Отдыхом желанным представали участки пути, когда они выбирались на более-менее обширные островки и пересекали их посуху. И ноги не надо всё время из грязи выдирать, и сердце не холодеет: а ну оступлюсь, засосёт…

Шли так: первым – Тойветту, за ним Искра Твердятич, потом Крапива, потом Харальд, за Харальдом – Куделька и, наконец, одноглазый. Тойветту в болотах чувствовал себя дома, несмотря на потоп. Его-то здешние трясины ни погубить, ни напугать не могли. И, кажется, даже как следует утомить. Под вечер первого дня пути ижор казался почти таким же свежим, как утром; по крайней мере, зримой лёгкости и гибкости в движениях не потерял.

Искра тащился за ним стиснув зубы. Ему казалось, рана на стегне вот-вот откроется; вначале он отвергал искушение прижать больное место ладонью, ведь сзади шагала Крапива, и он всё время чувствовал спиной её взгляд. Срамиться перед Суворовной ему совсем не хотелось. Когда миновало полдня, он оставил глупое стеснение и вцепился горстью в штанину, помогая увечной ноге поднимать на себе пуд грязи, делая очередной шаг.

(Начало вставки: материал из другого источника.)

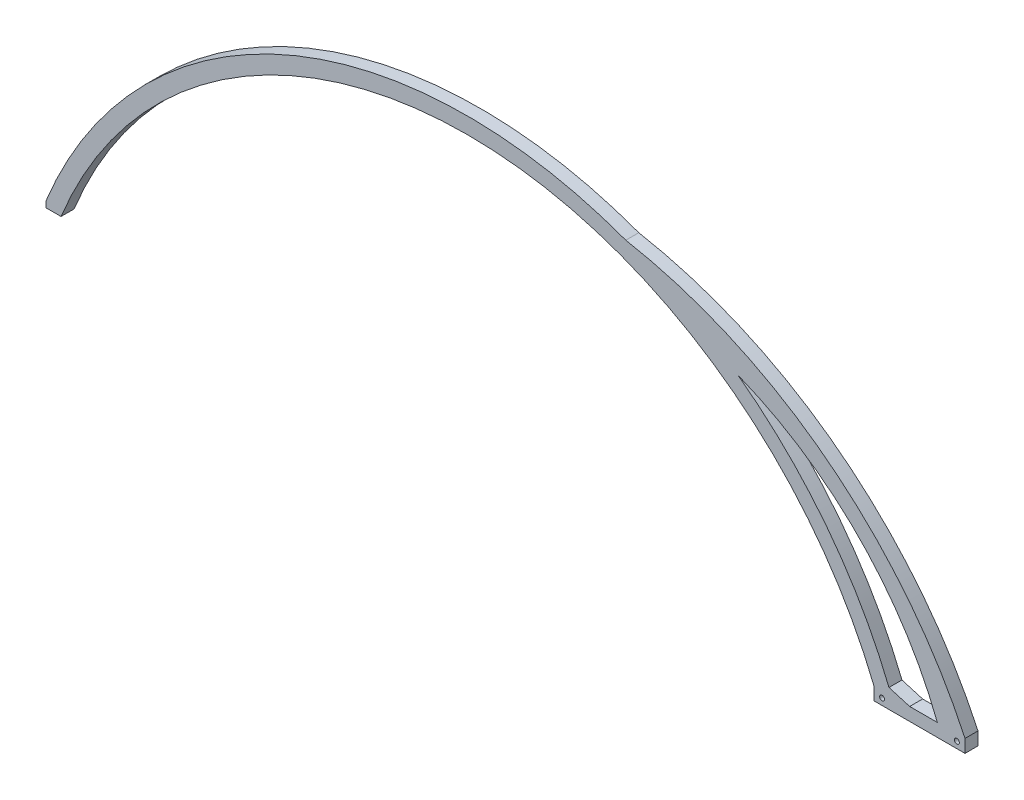
ISO-10303-21;
HEADER;
FILE_DESCRIPTION(('STEP AP214'),'2;1');
FILE_NAME('part.step','',(''),(''),'','','');
FILE_SCHEMA(('AUTOMOTIVE_DESIGN { 1 0 10303 214 1 1 1 1 }'));
ENDSEC;
DATA;
#1=APPLICATION_CONTEXT('core data for automotive mechanical design processes');
#2=APPLICATION_PROTOCOL_DEFINITION('international standard','automotive_design',2000,#1);
#3=PRODUCT_CONTEXT('',#1,'mechanical');
#4=PRODUCT('Part','Part','',(#3));
#5=PRODUCT_RELATED_PRODUCT_CATEGORY('part','',(#4));
#6=PRODUCT_DEFINITION_FORMATION('','',#4);
#7=PRODUCT_DEFINITION_CONTEXT('part definition',#1,'design');
#8=PRODUCT_DEFINITION('design','',#6,#7);
#9=PRODUCT_DEFINITION_SHAPE('','',#8);
#10=(LENGTH_UNIT() NAMED_UNIT(*) SI_UNIT(.MILLI.,.METRE.));
#11=(NAMED_UNIT(*) PLANE_ANGLE_UNIT() SI_UNIT($,.RADIAN.));
#12=(NAMED_UNIT(*) SI_UNIT($,.STERADIAN.) SOLID_ANGLE_UNIT());
#13=UNCERTAINTY_MEASURE_WITH_UNIT(LENGTH_MEASURE(1.E-05),#10,'distance_accuracy_value','');
#14=(GEOMETRIC_REPRESENTATION_CONTEXT(3) GLOBAL_UNCERTAINTY_ASSIGNED_CONTEXT((#13)) GLOBAL_UNIT_ASSIGNED_CONTEXT((#10,
#11,#12)) REPRESENTATION_CONTEXT('',''));
#15=CARTESIAN_POINT('',(0.,0.,0.));
#16=DIRECTION('',(0.,0.,1.));
#17=DIRECTION('',(1.,0.,0.));
#18=AXIS2_PLACEMENT_3D('',#15,#16,#17);
#19=CARTESIAN_POINT('',(-250.320675471821,-101.190708226255,8.));
#20=DIRECTION('',(0.,0.,-1.));
#21=DIRECTION('',(-1.,0.,0.));
#22=AXIS2_PLACEMENT_3D('',#19,#20,#21);
#23=CYLINDRICAL_SURFACE('',#22,280.);
#24=DIRECTION('',(0.,0.,-1.));
#25=VECTOR('',#24,1.);
#26=CARTESIAN_POINT('',(-152.8082424928,161.280862452384,8.));
#27=LINE('',#26,#25);
#28=CARTESIAN_POINT('',(-152.8082424928,161.280862452384,8.));
#29=VERTEX_POINT('',#28);
#30=CARTESIAN_POINT('',(-152.8082424928,161.280862452384,0.));
#31=VERTEX_POINT('',#30);
#32=EDGE_CURVE('E164',#29,#31,#27,.T.);
#33=ORIENTED_EDGE('',*,*,#32,.T.);
#34=CARTESIAN_POINT('',(-250.320675471821,-101.190708226255,0.));
#35=DIRECTION('',(0.,0.,1.));
#36=DIRECTION('',(1.,0.,0.));
#37=AXIS2_PLACEMENT_3D('',#34,#35,#36);
#38=CIRCLE('',#37,280.);
#39=CARTESIAN_POINT('',(-509.912487072229,3.74780400837979,0.));
#40=VERTEX_POINT('',#39);
#41=EDGE_CURVE('E190',#31,#40,#38,.T.);
#42=ORIENTED_EDGE('',*,*,#41,.T.);
#43=DIRECTION('',(0.,0.,-1.));
#44=VECTOR('',#43,1.);
#45=CARTESIAN_POINT('',(-509.912487072229,3.74780400837979,8.));
#46=LINE('',#45,#44);
#47=CARTESIAN_POINT('',(-509.912487072229,3.74780400837979,8.));
#48=VERTEX_POINT('',#47);
#49=EDGE_CURVE('E203',#48,#40,#46,.T.);
#50=ORIENTED_EDGE('',*,*,#49,.F.);
#51=CARTESIAN_POINT('',(-250.320675471821,-101.190708226255,8.));
#52=DIRECTION('',(0.,0.,1.));
#53=DIRECTION('',(1.,0.,0.));
#54=AXIS2_PLACEMENT_3D('',#51,#52,#53);
#55=CIRCLE('',#54,280.);
#56=EDGE_CURVE('E66',#29,#48,#55,.T.);
#57=ORIENTED_EDGE('',*,*,#56,.F.);
#58=EDGE_LOOP('',(#33,#42,#50,#57));
#59=FACE_BOUND('',#58,.T.);
#60=ADVANCED_FACE('F43',(#59),#23,.T.);
#61=CARTESIAN_POINT('',(0.,0.,8.));
#62=DIRECTION('',(0.,0.,1.));
#63=DIRECTION('',(1.,0.,0.));
#64=AXIS2_PLACEMENT_3D('',#61,#62,#63);
#65=PLANE('',#64);
#66=CARTESIAN_POINT('',(-164.11319804853,-78.6214805419995,8.));
#67=DIRECTION('',(0.,0.,-1.));
#68=DIRECTION('',(-1.,0.,0.));
#69=AXIS2_PLACEMENT_3D('',#66,#67,#68);
#70=CIRCLE('',#69,217.852205035375);
#71=CARTESIAN_POINT('',(39.0572871016484,0.,8.));
#72=VERTEX_POINT('',#71);
#73=CARTESIAN_POINT('',(-83.7272781128543,123.857375427877,8.));
#74=VERTEX_POINT('',#73);
#75=EDGE_CURVE('E159',#72,#74,#70,.F.);
#76=ORIENTED_EDGE('',*,*,#75,.F.);
#77=DIRECTION('',(-1.,0.,0.));
#78=VECTOR('',#77,1.);
#79=CARTESIAN_POINT('',(0.,0.,8.));
#80=LINE('',#79,#78);
#81=CARTESIAN_POINT('',(22.0145742032969,0.,8.));
#82=VERTEX_POINT('',#81);
#83=EDGE_CURVE('E58',#72,#82,#80,.T.);
#84=ORIENTED_EDGE('',*,*,#83,.T.);
#85=DIRECTION('',(0.959370922564464,-0.282147891960598,0.));
#86=VECTOR('',#85,1.);
#87=CARTESIAN_POINT('',(9.27113612858599,3.74780400837978,8.));
#88=LINE('',#87,#86);
#89=CARTESIAN_POINT('',(9.27113612858599,3.74780400837978,8.));
#90=VERTEX_POINT('',#89);
#91=EDGE_CURVE('E178',#90,#82,#88,.T.);
#92=ORIENTED_EDGE('',*,*,#91,.F.);
#93=EDGE_CURVE('E175',#90,#74,#55,.T.);
#94=ORIENTED_EDGE('',*,*,#93,.T.);
#95=EDGE_LOOP('',(#76,#84,#92,#94));
#96=FACE_BOUND('',#95,.T.);
#97=CARTESIAN_POINT('',(5.,-4.,8.));
#98=DIRECTION('',(0.,0.,1.));
#99=DIRECTION('',(1.,0.,0.));
#100=AXIS2_PLACEMENT_3D('',#97,#98,#99);
#101=CIRCLE('',#100,1.5);
#102=CARTESIAN_POINT('',(6.5,-4.,8.));
#103=VERTEX_POINT('',#102);
#104=EDGE_CURVE('E213',#103,#103,#101,.T.);
#105=ORIENTED_EDGE('',*,*,#104,.F.);
#106=EDGE_LOOP('',(#105));
#107=FACE_BOUND('',#106,.T.);
#108=DIRECTION('',(0.,-1.,0.));
#109=VECTOR('',#108,1.);
#110=CARTESIAN_POINT('',(0.,0.,8.));
#111=LINE('',#110,#109);
#112=CARTESIAN_POINT('',(0.,0.,8.));
#113=VERTEX_POINT('',#112);
#114=CARTESIAN_POINT('',(0.,-8.,8.));
#115=VERTEX_POINT('',#114);
#116=EDGE_CURVE('E143',#113,#115,#111,.T.);
#117=ORIENTED_EDGE('',*,*,#116,.T.);
#118=DIRECTION('',(1.,0.,0.));
#119=VECTOR('',#118,1.);
#120=CARTESIAN_POINT('',(0.,-8.,8.));
#121=LINE('',#120,#119);
#122=CARTESIAN_POINT('',(56.1,-8.00000000000001,8.));
#123=VERTEX_POINT('',#122);
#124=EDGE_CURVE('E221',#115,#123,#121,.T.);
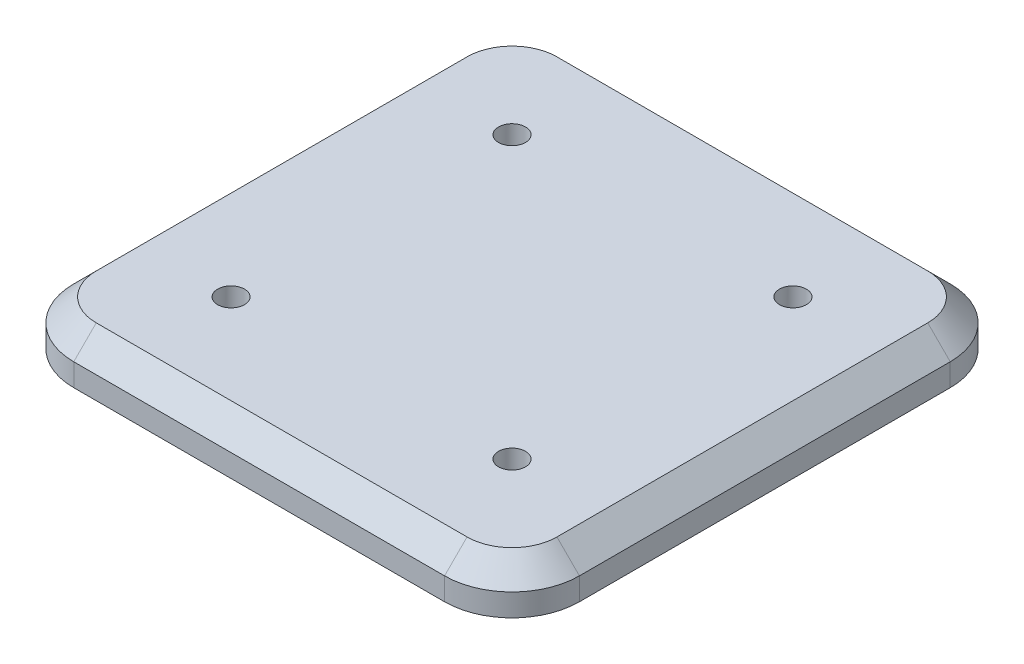
ISO-10303-21;
HEADER;
FILE_DESCRIPTION(('STEP AP214'),'2;1');
FILE_NAME('part.step','',(''),(''),'','','');
FILE_SCHEMA(('AUTOMOTIVE_DESIGN { 1 0 10303 214 1 1 1 1 }'));
ENDSEC;
DATA;
#1=APPLICATION_CONTEXT('core data for automotive mechanical design processes');
#2=APPLICATION_PROTOCOL_DEFINITION('international standard','automotive_design',2000,#1);
#3=PRODUCT_CONTEXT('',#1,'mechanical');
#4=PRODUCT('Part','Part','',(#3));
#5=PRODUCT_RELATED_PRODUCT_CATEGORY('part','',(#4));
#6=PRODUCT_DEFINITION_FORMATION('','',#4);
#7=PRODUCT_DEFINITION_CONTEXT('part definition',#1,'design');
#8=PRODUCT_DEFINITION('design','',#6,#7);
#9=PRODUCT_DEFINITION_SHAPE('','',#8);
#10=(LENGTH_UNIT() NAMED_UNIT(*) SI_UNIT(.MILLI.,.METRE.));
#11=(NAMED_UNIT(*) PLANE_ANGLE_UNIT() SI_UNIT($,.RADIAN.));
#12=(NAMED_UNIT(*) SI_UNIT($,.STERADIAN.) SOLID_ANGLE_UNIT());
#13=UNCERTAINTY_MEASURE_WITH_UNIT(LENGTH_MEASURE(1.E-05),#10,'distance_accuracy_value','');
#14=(GEOMETRIC_REPRESENTATION_CONTEXT(3) GLOBAL_UNCERTAINTY_ASSIGNED_CONTEXT((#13)) GLOBAL_UNIT_ASSIGNED_CONTEXT((#10,
#11,#12)) REPRESENTATION_CONTEXT('',''));
#15=CARTESIAN_POINT('',(0.,0.,0.));
#16=DIRECTION('',(0.,0.,1.));
#17=DIRECTION('',(1.,0.,0.));
#18=AXIS2_PLACEMENT_3D('',#15,#16,#17);
#19=CARTESIAN_POINT('',(-82.5,10.,82.5));
#20=DIRECTION('',(0.,-1.,0.));
#21=DIRECTION('',(0.,0.,-1.));
#22=AXIS2_PLACEMENT_3D('',#19,#20,#21);
#23=CYLINDRICAL_SURFACE('',#22,30.);
#24=DIRECTION('',(0.,-1.,0.));
#25=VECTOR('',#24,1.);
#26=CARTESIAN_POINT('',(-82.5,10.,112.5));
#27=LINE('',#26,#25);
#28=CARTESIAN_POINT('',(-82.5,-1.26634813746307E-13,112.5));
#29=VERTEX_POINT('',#28);
#30=CARTESIAN_POINT('',(-82.5,-10.,112.5));
#31=VERTEX_POINT('',#30);
#32=EDGE_CURVE('E130',#29,#31,#27,.T.);
#33=ORIENTED_EDGE('',*,*,#32,.F.);
#34=CARTESIAN_POINT('',(-82.5,-1.26634813746307E-13,82.5));
#35=DIRECTION('',(0.,-1.,0.));
#36=DIRECTION('',(0.,0.,-1.));
#37=AXIS2_PLACEMENT_3D('',#34,#35,#36);
#38=CIRCLE('',#37,30.);
#39=CARTESIAN_POINT('',(-112.5,-1.26634813746307E-13,82.5));
#40=VERTEX_POINT('',#39);
#41=EDGE_CURVE('E12',#29,#40,#38,.T.);
#42=ORIENTED_EDGE('',*,*,#41,.T.);
#43=DIRECTION('',(0.,-1.,0.));
#44=VECTOR('',#43,1.);
#45=CARTESIAN_POINT('',(-112.5,10.,82.5));
#46=LINE('',#45,#44);
#47=CARTESIAN_POINT('',(-112.5,-10.,82.5));
#48=VERTEX_POINT('',#47);
#49=EDGE_CURVE('E151',#40,#48,#46,.T.);
#50=ORIENTED_EDGE('',*,*,#49,.T.);
#51=CARTESIAN_POINT('',(-82.5,-10.,82.5));
#52=DIRECTION('',(0.,1.,0.));
#53=DIRECTION('',(0.,0.,-1.));
#54=AXIS2_PLACEMENT_3D('',#51,#52,#53);
#55=CIRCLE('',#54,30.);
#56=EDGE_CURVE('E145',#48,#31,#55,.T.);
#57=ORIENTED_EDGE('',*,*,#56,.T.);
#58=EDGE_LOOP('',(#33,#42,#50,#57));
#59=FACE_BOUND('',#58,.T.);
#60=ADVANCED_FACE('F41',(#59),#23,.T.);
#61=CARTESIAN_POINT('',(82.5,10.,112.5));
#62=DIRECTION('',(0.,0.,-1.));
#63=DIRECTION('',(-1.,0.,0.));
#64=AXIS2_PLACEMENT_3D('',#61,#62,#63);
#65=PLANE('',#64);
#66=DIRECTION('',(0.,-1.,0.));
#67=VECTOR('',#66,1.);
#68=CARTESIAN_POINT('',(82.5,10.,112.5));
#69=LINE('',#68,#67);
#70=CARTESIAN_POINT('',(82.5,-1.26634813746307E-13,112.5));
#71=VERTEX_POINT('',#70);
#72=CARTESIAN_POINT('',(82.5,-10.,112.5));
#73=VERTEX_POINT('',#72);
#74=EDGE_CURVE('E139',#71,#73,#69,.T.);
#75=ORIENTED_EDGE('',*,*,#74,.F.);
#76=DIRECTION('',(-1.,0.,0.));
#77=VECTOR('',#76,1.);
#78=CARTESIAN_POINT('',(82.5,-1.26634813746307E-13,112.5));
#79=LINE('',#78,#77);
#80=EDGE_CURVE('E51',#71,#29,#79,.T.);
#81=ORIENTED_EDGE('',*,*,#80,.T.);
#82=ORIENTED_EDGE('',*,*,#32,.T.);
#83=DIRECTION('',(1.,0.,0.));
#84=VECTOR('',#83,1.);
#85=CARTESIAN_POINT('',(82.5,-10.,112.5));
#86=LINE('',#85,#84);
#87=EDGE_CURVE('E133',#31,#73,#86,.T.);
#88=ORIENTED_EDGE('',*,*,#87,.T.);
#89=EDGE_LOOP('',(#75,#81,#82,#88));
#90=FACE_BOUND('',#89,.T.);
#91=ADVANCED_FACE('F132',(#90),#65,.F.);
#92=CARTESIAN_POINT('',(82.5,10.,82.5));
#93=DIRECTION('',(0.,-1.,0.));
#94=DIRECTION('',(0.,0.,-1.));
#95=AXIS2_PLACEMENT_3D('',#92,#93,#94);
#96=CYLINDRICAL_SURFACE('',#95,30.);
#97=DIRECTION('',(0.,-1.,0.));
#98=VECTOR('',#97,1.);
#99=CARTESIAN_POINT('',(112.5,10.,82.5));
#100=LINE('',#99,#98);
#101=CARTESIAN_POINT('',(112.5,-1.26634813746307E-13,82.5));
#102=VERTEX_POINT('',#101);
#103=CARTESIAN_POINT('',(112.5,-10.,82.5));
#104=VERTEX_POINT('',#103);
#105=EDGE_CURVE('E184',#102,#104,#100,.T.);
#106=ORIENTED_EDGE('',*,*,#105,.F.);
#107=CARTESIAN_POINT('',(82.5,-1.26634813746307E-13,82.5));
#108=DIRECTION('',(0.,-1.,0.));
#109=DIRECTION('',(0.,0.,-1.));
#110=AXIS2_PLACEMENT_3D('',#107,#108,#109);
#111=CIRCLE('',#110,30.);
#112=EDGE_CURVE('E66',#102,#71,#111,.T.);
#113=ORIENTED_EDGE('',*,*,#112,.T.);
#114=ORIENTED_EDGE('',*,*,#74,.T.);
#115=CARTESIAN_POINT('',(82.5,-10.,82.5));
#116=DIRECTION('',(0.,1.,0.));
#117=DIRECTION('',(0.,0.,-1.));
#118=AXIS2_PLACEMENT_3D('',#115,#116,#117);
#119=CIRCLE('',#118,30.);
#120=EDGE_CURVE('E148',#73,#104,#119,.T.);
#121=ORIENTED_EDGE('',*,*,#120,.T.);
#122=EDGE_LOOP('',(#106,#113,#114,#121));
#123=FACE_BOUND('',#122,.T.);
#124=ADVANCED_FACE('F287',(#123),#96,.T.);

Крапива действительно смотрела на него сзади. Ей было тяжело идти, но Искре наверняка приходилось туже. Она расспросила ижора, как покалечился новогородец, и ижор рассказал. В ранах Крапива кое-что понимала: было похоже, разбойничья стрела подрезала ему сухожилие, а такая хромота если и проходит, то очень нескоро. Крапиве было стыдно, что она, здоровенная девка, привыкшая трудить себя наравне с парнями, совсем почти выдохлась, а молодой Твердятич всё идёт и идёт, не жалуясь и не прося ижора о передышке. Иногда ей хотелось, чтобы он оступился и она подхватила его, тем самым как бы выигрывая то давнее состязание, где его замещал Харальд. А в следующий миг хотелось оступиться самой. И чтобы Искра обернулся и поднял её на ноги, и утешил ободряющим словом, и…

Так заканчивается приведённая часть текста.